How many VFX shots are in the film?

“More than it looks like. We used Lola VFX, Psyop and Mammal Studios. David Robinson was our go-to guy and VFX supervisor, and he was on-set and so helpful in dealing with the aging of our characters. He took 30 years off De Niro in some of the scenes with his young daughters, and they do that in a brand new way. I don’t want to give out secrets, but it’s not how they did it just a year ago. And then there’s the snow effects, and all the environments for the dreams, and stabilizing all the Steadicam shots.” 



Can you talk about the importance of music and sound as a filmmaker?

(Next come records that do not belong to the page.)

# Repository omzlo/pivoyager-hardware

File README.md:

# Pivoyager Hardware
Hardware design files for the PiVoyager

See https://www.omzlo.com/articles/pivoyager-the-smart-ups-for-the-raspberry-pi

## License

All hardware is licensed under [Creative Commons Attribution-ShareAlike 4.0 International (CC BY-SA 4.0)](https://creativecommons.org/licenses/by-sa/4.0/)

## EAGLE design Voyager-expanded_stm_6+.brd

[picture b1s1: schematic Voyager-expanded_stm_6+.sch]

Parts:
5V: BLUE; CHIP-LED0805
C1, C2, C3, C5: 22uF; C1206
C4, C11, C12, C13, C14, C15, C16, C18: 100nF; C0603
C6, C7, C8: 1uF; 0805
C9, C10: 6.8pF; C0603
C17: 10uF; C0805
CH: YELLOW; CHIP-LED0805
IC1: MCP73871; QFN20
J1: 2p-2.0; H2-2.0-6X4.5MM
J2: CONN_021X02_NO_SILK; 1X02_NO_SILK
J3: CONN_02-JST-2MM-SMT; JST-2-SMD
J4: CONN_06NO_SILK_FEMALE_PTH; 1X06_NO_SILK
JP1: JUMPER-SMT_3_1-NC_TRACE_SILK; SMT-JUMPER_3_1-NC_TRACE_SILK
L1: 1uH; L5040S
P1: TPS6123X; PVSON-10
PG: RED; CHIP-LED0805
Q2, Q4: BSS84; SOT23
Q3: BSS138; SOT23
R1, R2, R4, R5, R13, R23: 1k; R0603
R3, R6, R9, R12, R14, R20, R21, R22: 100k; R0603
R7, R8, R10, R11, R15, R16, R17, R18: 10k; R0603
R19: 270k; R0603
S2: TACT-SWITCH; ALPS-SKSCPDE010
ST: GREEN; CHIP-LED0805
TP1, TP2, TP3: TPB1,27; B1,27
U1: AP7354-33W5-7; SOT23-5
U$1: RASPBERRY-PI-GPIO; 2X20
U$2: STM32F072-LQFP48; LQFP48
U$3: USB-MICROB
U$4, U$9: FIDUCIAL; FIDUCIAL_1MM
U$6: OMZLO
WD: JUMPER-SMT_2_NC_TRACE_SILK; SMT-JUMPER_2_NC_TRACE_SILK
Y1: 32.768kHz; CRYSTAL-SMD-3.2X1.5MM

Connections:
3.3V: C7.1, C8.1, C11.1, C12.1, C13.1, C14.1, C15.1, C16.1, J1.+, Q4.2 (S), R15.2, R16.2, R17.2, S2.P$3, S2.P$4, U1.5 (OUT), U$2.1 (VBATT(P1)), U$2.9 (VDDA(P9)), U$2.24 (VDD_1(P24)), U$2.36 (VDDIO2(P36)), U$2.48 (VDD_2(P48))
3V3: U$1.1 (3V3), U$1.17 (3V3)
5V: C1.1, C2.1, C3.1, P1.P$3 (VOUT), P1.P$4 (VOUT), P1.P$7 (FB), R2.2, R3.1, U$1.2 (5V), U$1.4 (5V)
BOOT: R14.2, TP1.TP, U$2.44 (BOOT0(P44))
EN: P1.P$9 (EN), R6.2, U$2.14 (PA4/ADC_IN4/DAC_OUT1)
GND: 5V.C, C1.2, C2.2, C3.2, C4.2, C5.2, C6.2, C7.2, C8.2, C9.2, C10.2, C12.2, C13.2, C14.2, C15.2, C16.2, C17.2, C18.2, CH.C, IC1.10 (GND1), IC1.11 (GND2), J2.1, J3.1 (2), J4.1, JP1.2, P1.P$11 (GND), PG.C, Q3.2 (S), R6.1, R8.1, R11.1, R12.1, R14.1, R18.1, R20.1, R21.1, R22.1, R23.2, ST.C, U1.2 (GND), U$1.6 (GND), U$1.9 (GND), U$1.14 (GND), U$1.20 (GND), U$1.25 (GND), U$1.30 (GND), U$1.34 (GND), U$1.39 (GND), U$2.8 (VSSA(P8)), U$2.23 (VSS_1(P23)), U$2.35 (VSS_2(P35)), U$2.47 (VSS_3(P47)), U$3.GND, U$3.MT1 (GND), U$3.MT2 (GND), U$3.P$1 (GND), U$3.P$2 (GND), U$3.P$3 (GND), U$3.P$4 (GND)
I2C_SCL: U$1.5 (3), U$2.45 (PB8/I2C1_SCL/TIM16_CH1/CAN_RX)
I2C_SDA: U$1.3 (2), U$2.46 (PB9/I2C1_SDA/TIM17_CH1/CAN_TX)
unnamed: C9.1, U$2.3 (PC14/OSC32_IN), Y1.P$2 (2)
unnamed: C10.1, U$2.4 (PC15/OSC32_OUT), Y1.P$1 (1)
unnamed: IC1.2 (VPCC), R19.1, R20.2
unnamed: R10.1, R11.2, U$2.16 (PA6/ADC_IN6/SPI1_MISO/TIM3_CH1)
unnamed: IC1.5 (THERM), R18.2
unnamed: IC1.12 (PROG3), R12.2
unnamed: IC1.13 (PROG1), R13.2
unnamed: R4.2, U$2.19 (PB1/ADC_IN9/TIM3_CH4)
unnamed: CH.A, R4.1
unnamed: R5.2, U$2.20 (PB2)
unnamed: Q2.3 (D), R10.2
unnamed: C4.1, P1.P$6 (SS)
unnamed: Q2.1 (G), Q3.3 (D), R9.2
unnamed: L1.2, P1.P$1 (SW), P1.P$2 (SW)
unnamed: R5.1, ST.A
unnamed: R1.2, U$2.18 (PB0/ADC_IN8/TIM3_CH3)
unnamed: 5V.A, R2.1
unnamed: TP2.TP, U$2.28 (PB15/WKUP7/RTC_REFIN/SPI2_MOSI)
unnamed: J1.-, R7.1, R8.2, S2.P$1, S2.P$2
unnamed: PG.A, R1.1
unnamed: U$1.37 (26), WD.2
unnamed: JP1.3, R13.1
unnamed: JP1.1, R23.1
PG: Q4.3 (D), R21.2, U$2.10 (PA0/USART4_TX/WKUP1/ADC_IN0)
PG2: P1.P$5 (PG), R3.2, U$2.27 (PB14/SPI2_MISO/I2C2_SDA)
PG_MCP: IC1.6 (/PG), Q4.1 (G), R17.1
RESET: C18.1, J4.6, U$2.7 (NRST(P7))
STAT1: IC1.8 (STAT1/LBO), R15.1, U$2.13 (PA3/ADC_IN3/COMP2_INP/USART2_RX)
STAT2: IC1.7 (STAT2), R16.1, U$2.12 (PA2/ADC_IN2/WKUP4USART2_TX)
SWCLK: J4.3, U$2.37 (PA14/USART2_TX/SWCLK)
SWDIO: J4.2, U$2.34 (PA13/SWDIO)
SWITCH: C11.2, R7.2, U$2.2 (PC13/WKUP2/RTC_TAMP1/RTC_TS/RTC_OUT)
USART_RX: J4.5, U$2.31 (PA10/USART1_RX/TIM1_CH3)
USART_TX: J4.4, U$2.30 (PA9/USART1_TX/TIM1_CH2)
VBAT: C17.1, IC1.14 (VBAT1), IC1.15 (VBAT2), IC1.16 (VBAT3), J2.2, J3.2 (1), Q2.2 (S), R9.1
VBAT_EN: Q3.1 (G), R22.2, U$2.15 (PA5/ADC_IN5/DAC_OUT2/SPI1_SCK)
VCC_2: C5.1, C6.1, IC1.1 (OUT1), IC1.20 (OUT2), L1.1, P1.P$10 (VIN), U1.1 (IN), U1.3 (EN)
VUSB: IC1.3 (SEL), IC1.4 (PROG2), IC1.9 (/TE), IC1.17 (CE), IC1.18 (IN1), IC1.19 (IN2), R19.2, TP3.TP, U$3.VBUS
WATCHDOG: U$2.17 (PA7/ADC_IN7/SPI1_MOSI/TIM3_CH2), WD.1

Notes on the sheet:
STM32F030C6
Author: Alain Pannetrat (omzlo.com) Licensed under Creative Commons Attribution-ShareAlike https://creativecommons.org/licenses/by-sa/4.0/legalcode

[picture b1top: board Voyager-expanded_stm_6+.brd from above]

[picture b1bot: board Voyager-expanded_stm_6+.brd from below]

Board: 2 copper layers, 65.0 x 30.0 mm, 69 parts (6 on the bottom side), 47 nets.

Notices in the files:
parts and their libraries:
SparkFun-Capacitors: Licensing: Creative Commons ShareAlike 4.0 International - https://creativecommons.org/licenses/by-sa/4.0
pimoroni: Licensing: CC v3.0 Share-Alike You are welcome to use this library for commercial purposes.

“They’re so crucial to my films. I can’t over-emphasize just how important sound design and music are to me, and I’ll actually sit on pieces of music for 30, 40 years, like the Nat King Cole, the Neil Young and Buffalo Springfield track, Expecting to Fly, and Cream’s I Feel Free. They’re all key pieces in the film.”

Where did you mix?

“We always do it at Olympic Sound, John and Nancy Ross’ mixing stage where we did the last three movies. Chris Minkler was our mixer and he worked closely with John, who’s our supervising sound editor and also a part of our team."

What about the DI? 

“It’s so important. We did it at Company 3 with colorist Stephen Nakamura, who’s a real artist. We go over it all frame by frame and I’m very happy with the look.”